Write out the data below exactly, beginning with the first line and ending once the line that has "doc.linetypes.add('HIDDEN', pattern=[0.375, 0.25, -0.125])" is written.
** Opening PROVIDED INFORMATION block **
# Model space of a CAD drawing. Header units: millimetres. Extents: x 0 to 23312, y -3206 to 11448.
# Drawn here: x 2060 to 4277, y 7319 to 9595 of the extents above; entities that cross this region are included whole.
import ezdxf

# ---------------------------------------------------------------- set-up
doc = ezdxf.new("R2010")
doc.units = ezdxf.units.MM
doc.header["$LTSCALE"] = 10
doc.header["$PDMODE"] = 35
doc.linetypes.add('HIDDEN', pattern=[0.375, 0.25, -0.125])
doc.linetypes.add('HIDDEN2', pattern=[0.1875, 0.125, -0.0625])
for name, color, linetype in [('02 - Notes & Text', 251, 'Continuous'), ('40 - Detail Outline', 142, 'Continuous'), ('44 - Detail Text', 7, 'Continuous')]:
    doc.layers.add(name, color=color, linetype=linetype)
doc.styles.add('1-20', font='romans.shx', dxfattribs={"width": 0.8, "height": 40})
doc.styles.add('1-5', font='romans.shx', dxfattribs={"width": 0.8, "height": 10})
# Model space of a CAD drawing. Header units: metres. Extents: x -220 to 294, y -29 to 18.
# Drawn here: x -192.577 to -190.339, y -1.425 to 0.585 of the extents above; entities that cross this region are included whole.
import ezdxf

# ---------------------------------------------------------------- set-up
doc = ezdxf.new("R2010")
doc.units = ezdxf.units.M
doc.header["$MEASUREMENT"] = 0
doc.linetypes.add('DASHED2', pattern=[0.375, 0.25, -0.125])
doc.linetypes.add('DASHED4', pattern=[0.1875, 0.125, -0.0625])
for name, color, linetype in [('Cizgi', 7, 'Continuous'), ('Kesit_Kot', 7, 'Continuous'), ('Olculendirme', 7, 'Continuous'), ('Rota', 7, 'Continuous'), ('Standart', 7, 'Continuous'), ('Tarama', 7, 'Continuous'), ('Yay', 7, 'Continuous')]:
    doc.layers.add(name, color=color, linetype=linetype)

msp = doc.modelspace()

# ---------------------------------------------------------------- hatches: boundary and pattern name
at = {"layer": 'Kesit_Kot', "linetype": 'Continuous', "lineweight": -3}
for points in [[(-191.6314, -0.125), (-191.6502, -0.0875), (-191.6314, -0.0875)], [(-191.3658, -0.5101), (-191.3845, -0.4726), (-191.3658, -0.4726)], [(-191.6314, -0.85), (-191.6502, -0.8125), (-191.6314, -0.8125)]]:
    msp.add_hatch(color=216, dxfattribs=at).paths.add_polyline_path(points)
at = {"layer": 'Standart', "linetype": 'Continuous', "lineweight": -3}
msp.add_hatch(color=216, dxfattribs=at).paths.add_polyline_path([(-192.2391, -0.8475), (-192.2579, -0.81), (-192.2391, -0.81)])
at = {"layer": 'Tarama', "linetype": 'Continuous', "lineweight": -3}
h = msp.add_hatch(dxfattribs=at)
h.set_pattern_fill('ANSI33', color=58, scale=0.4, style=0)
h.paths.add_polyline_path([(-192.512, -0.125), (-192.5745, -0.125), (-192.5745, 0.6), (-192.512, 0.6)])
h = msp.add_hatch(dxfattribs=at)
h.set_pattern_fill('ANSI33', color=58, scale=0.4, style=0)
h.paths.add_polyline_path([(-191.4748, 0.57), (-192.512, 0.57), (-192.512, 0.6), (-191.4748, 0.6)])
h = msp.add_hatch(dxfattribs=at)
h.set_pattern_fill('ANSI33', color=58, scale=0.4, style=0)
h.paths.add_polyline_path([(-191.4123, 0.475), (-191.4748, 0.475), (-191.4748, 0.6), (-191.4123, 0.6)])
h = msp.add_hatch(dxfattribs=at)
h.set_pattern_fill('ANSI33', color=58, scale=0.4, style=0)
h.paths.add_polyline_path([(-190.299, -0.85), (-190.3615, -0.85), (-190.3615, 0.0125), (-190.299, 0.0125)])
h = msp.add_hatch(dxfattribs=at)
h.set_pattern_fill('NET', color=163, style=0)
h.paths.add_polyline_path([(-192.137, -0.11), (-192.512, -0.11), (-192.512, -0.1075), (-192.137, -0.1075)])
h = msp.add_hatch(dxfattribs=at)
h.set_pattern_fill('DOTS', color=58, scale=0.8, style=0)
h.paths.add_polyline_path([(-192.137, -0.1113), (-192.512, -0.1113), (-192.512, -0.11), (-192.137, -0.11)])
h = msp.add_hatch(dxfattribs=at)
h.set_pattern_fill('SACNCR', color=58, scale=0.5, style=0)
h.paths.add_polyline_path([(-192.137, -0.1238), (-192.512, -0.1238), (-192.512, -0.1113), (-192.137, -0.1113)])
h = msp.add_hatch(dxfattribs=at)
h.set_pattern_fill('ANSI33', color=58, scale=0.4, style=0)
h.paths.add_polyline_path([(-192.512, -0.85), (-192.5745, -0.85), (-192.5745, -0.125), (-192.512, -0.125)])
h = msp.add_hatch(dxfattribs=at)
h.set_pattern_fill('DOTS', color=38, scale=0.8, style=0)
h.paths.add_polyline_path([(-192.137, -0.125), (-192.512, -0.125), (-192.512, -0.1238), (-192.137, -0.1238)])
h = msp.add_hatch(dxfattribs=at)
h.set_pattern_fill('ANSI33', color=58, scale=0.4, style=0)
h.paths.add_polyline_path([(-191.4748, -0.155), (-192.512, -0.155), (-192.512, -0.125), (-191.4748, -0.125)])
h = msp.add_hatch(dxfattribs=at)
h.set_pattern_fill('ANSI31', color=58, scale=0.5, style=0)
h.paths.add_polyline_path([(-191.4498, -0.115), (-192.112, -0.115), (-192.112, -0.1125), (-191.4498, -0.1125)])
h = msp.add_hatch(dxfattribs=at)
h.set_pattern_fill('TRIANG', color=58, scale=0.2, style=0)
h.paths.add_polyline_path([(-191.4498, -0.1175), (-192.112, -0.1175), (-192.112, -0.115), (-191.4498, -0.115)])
** Closing PROVIDED INFORMATION block **
_ANSWER SECTION_
# Model space of a CAD drawing. Header units: millimetres. Extents: x 0 to 23312, y -3206 to 11448.
# Drawn here: x 2060 to 4277, y 7319 to 9595 of the extents above; entities that cross this region are included whole.
import ezdxf

# ---------------------------------------------------------------- set-up
doc = ezdxf.new("R2010")
doc.units = ezdxf.units.MM
doc.header["$LTSCALE"] = 10
doc.header["$PDMODE"] = 35
doc.linetypes.add('HIDDEN', pattern=[0.375, 0.25, -0.125])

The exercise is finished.